### THE PROBLEM
After locating the line that contains "#28=CIRCLE('',#27,2.1);" in the data below, set down exactly that line and each one after it through the line that contains "#46=ADVANCED_FACE('F56',(#34,#45),#23,.T.);", and nothing more.
PROVIDED RECORDS Block Start
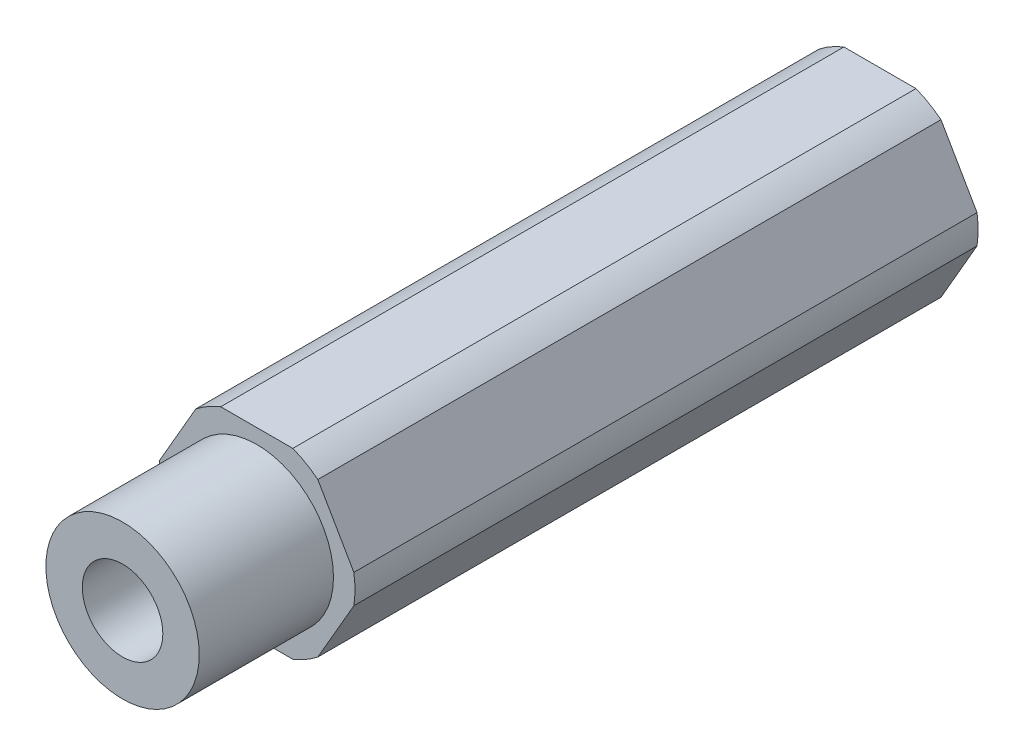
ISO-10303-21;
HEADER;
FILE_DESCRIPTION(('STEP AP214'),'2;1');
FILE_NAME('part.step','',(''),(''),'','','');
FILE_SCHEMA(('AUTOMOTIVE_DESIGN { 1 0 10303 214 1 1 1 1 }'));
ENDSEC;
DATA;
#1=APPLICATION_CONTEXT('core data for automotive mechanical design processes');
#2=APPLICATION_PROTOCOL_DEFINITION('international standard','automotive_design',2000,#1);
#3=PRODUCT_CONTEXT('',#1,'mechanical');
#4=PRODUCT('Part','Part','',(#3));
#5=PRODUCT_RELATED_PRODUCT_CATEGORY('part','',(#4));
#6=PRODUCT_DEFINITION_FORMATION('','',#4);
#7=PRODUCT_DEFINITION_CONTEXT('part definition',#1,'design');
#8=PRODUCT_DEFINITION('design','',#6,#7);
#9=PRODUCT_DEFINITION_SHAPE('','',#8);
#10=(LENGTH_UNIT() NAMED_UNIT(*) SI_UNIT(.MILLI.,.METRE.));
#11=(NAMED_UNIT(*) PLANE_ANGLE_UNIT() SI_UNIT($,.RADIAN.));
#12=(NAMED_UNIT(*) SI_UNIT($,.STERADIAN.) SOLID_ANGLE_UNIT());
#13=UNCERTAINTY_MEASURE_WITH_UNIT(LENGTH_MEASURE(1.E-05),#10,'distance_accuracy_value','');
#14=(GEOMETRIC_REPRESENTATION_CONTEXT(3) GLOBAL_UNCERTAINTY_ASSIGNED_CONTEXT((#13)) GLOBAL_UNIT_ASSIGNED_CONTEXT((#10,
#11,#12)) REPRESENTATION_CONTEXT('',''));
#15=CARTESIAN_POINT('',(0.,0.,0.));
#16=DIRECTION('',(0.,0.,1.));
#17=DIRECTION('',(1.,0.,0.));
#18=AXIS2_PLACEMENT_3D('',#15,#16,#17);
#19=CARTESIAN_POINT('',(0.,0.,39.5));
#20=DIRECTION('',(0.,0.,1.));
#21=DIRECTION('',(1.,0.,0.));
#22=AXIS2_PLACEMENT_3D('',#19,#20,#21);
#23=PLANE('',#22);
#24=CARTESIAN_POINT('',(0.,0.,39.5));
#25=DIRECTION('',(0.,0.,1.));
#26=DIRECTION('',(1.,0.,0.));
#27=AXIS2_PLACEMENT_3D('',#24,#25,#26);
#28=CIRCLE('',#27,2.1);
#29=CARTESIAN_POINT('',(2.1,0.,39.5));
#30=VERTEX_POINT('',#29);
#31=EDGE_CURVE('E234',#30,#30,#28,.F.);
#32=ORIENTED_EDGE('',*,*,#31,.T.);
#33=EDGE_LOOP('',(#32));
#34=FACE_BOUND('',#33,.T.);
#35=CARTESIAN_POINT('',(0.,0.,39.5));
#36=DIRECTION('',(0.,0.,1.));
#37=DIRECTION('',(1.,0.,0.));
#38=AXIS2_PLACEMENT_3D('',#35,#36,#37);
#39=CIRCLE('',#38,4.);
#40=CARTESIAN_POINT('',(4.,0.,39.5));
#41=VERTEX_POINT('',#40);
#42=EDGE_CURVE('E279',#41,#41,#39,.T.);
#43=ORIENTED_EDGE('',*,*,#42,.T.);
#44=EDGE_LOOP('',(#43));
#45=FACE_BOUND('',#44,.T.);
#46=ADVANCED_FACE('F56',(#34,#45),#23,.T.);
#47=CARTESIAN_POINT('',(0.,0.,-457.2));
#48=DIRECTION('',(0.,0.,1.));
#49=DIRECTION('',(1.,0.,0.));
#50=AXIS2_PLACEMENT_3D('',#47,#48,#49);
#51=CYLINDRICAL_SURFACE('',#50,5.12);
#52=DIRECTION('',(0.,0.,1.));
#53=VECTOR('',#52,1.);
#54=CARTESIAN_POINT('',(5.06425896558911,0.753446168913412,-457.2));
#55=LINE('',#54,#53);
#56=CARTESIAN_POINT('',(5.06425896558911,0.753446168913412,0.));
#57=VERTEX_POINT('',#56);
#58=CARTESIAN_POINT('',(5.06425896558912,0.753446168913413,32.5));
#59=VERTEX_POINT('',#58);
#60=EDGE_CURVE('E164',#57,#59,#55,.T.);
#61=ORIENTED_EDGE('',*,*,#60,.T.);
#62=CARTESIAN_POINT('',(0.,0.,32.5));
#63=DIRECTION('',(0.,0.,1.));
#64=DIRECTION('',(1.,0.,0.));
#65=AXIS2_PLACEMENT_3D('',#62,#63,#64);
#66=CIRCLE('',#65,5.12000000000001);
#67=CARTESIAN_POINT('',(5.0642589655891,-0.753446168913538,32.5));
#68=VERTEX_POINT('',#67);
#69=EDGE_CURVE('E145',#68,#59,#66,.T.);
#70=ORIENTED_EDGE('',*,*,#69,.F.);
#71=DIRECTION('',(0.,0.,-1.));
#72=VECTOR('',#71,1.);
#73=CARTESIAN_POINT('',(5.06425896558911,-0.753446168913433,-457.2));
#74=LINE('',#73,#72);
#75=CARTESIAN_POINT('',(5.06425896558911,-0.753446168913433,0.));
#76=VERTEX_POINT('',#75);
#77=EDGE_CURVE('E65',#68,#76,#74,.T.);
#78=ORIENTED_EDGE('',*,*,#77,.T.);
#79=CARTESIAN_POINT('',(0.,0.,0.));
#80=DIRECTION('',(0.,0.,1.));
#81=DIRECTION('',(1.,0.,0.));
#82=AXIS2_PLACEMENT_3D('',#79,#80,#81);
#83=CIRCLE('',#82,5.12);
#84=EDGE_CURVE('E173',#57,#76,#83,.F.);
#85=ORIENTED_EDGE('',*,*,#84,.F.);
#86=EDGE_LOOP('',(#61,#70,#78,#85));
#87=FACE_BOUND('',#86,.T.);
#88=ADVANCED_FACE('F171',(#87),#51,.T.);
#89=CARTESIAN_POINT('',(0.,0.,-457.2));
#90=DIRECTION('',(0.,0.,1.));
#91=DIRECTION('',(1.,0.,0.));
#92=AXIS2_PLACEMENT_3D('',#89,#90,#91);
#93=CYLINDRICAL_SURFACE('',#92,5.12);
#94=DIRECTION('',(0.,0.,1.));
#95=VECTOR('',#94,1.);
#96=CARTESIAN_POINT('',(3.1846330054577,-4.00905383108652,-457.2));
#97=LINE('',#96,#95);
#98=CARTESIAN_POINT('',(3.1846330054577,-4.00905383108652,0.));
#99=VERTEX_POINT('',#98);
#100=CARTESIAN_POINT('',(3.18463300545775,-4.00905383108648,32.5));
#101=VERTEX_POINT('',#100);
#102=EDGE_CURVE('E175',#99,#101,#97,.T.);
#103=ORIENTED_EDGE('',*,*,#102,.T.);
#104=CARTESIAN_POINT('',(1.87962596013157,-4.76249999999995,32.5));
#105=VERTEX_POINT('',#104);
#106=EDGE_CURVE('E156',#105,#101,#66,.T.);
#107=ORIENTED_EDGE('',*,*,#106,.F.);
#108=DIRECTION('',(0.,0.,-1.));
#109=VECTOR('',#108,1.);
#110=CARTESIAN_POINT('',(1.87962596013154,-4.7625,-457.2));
PROVIDED RECORDS Block End
### REPLY
#28=CIRCLE('',#27,2.1);
#29=CARTESIAN_POINT('',(2.1,0.,39.5));
#30=VERTEX_POINT('',#29);
#31=EDGE_CURVE('E234',#30,#30,#28,.F.);
#32=ORIENTED_EDGE('',*,*,#31,.T.);
#33=EDGE_LOOP('',(#32));
#34=FACE_BOUND('',#33,.T.);
#35=CARTESIAN_POINT('',(0.,0.,39.5));
#36=DIRECTION('',(0.,0.,1.));
#37=DIRECTION('',(1.,0.,0.));
#38=AXIS2_PLACEMENT_3D('',#35,#36,#37);
#39=CIRCLE('',#38,4.);
#40=CARTESIAN_POINT('',(4.,0.,39.5));
#41=VERTEX_POINT('',#40);
#42=EDGE_CURVE('E279',#41,#41,#39,.T.);
#43=ORIENTED_EDGE('',*,*,#42,.T.);
#44=EDGE_LOOP('',(#43));
#45=FACE_BOUND('',#44,.T.);
#46=ADVANCED_FACE('F56',(#34,#45),#23,.T.);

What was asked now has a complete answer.